Don't know where you live, but that is the norm in the U.S. these days, each of you having the child the same amount of time, like 3 1/2 days a week each. It's a great schedule because your child never goes more than 3 days without seeing each of you and those days give you a chance to keep up with your career, have some time off for resting or grocery shopping, and not having to be on your kid's schedule, a break from that. You should get that made formal and signed so there's no begging you to do the taxiing from him, etc., on his days he's supposed to arrange to do it all and vice versa. Usually the men are happy about that arrangement because if it's 50/50, they don't have to usually pay support, but you are both able to work. 

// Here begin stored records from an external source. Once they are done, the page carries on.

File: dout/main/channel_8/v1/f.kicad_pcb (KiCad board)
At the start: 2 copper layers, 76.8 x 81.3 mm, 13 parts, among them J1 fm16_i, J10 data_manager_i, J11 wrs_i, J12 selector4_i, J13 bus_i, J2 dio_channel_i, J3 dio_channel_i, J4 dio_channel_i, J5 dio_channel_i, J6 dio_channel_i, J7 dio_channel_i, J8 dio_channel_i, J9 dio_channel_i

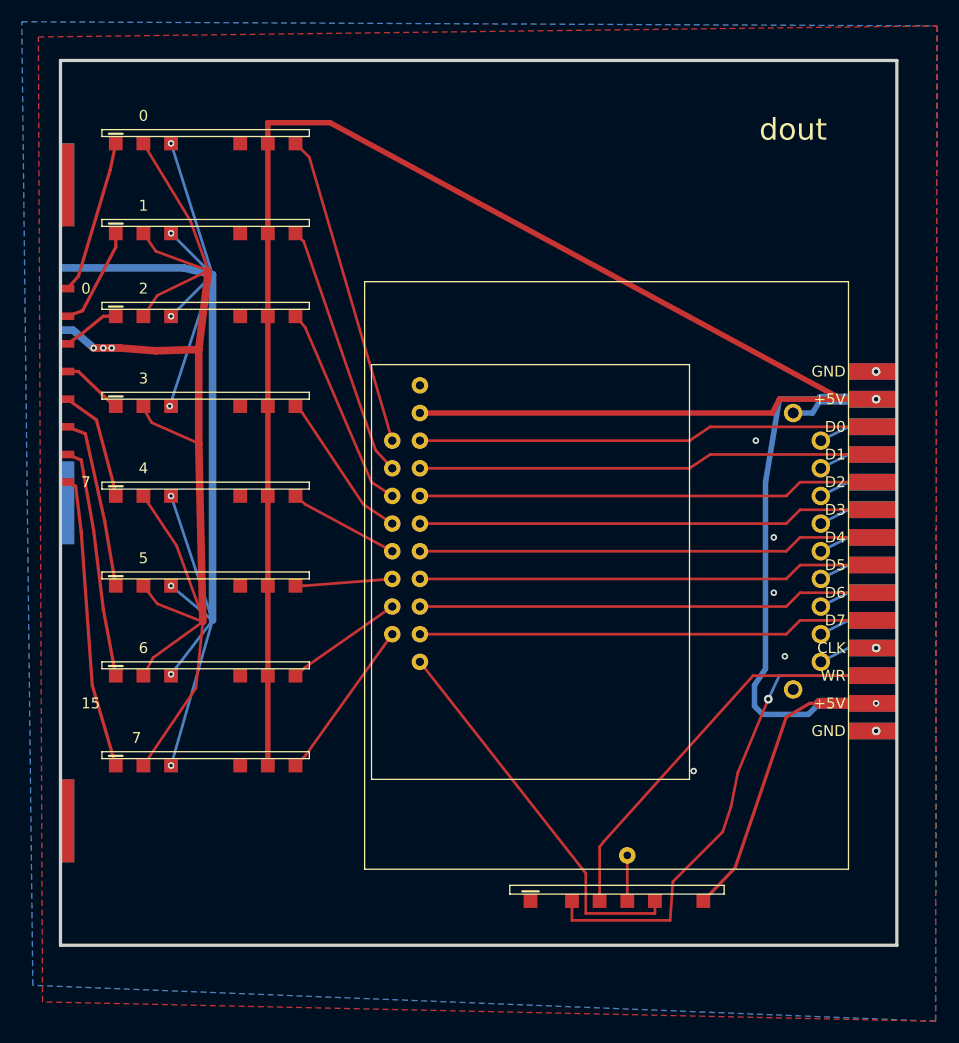
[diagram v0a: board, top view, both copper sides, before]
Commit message: voltage regulator for each module
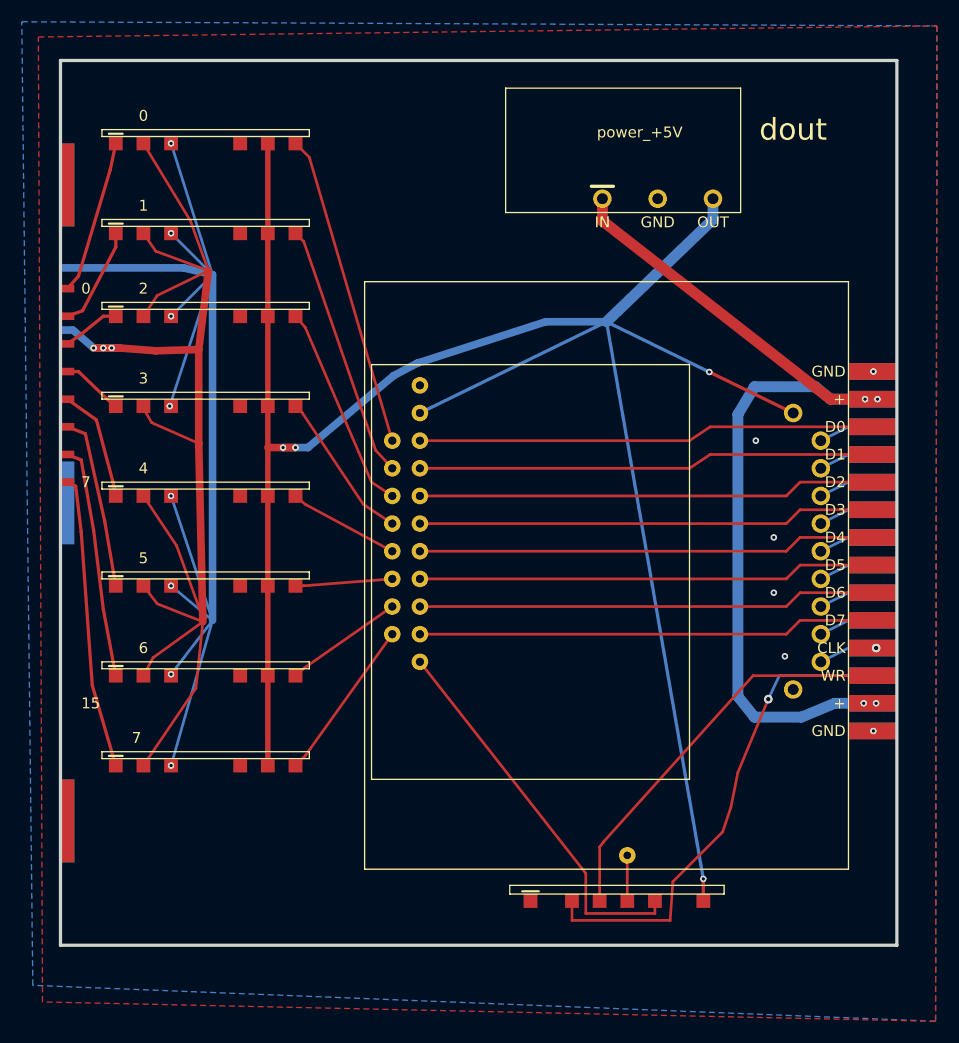
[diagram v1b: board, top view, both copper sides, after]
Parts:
- added J14: power_+5V, plc88:power_i, F.Cu at (-1.02, -3.81)
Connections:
- J13 pad 25: +5V -> VPBUS
- J13 pad 26: +5V -> VPBUS
- J13 pad 3: +5V -> VPBUS
- J13 pad 4: +5V -> VPBUS
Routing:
- net VPBUS: track 0.00 -> 86.4 mm, vias 0 -> 4
- net +5V: track 240.7 -> 200.3 mm, vias 2 -> 4
- net GND: vias 7 -> 6

Of course, neither of you will be able to move from the area as long as you share custody in any way. You have to stay close. So you're not giving him up. He'll be around.


----------



## TXTrini (Oct 2, 2013)

EleGirl said:


> Would you suggest that a man who caught his wife cheating that he could start having 3somes with his wife and her lover? I've never seen you suggest this. So why would you suggest this to a woman whose husband is cheating?


Oh, this isn't the first time turds have floated to the surface.


----------



## Uniqueusername (Dec 24, 2021)

First off, if you want to leave, leave. If that feels like the right thing for you than do it. I am, however, going to come at this from a different perspective from many of the comments. 

What your husband did was ****ty. He spent years lying and hiding who he was from you. He has probably spent a similar amount if time lying to himself too. He failed you, but he is not the only who failed you. Every homophobe, every bigot, every hateful person who has fought to make being gay a moral dereliction has failed you and failed your husband as well. Your husband wasn't in the closet because he's an asshole, he's in the closet because society pushed him so far into it that he dragged you and your child in with him. What he did is not right, but by no means did he do it alone. 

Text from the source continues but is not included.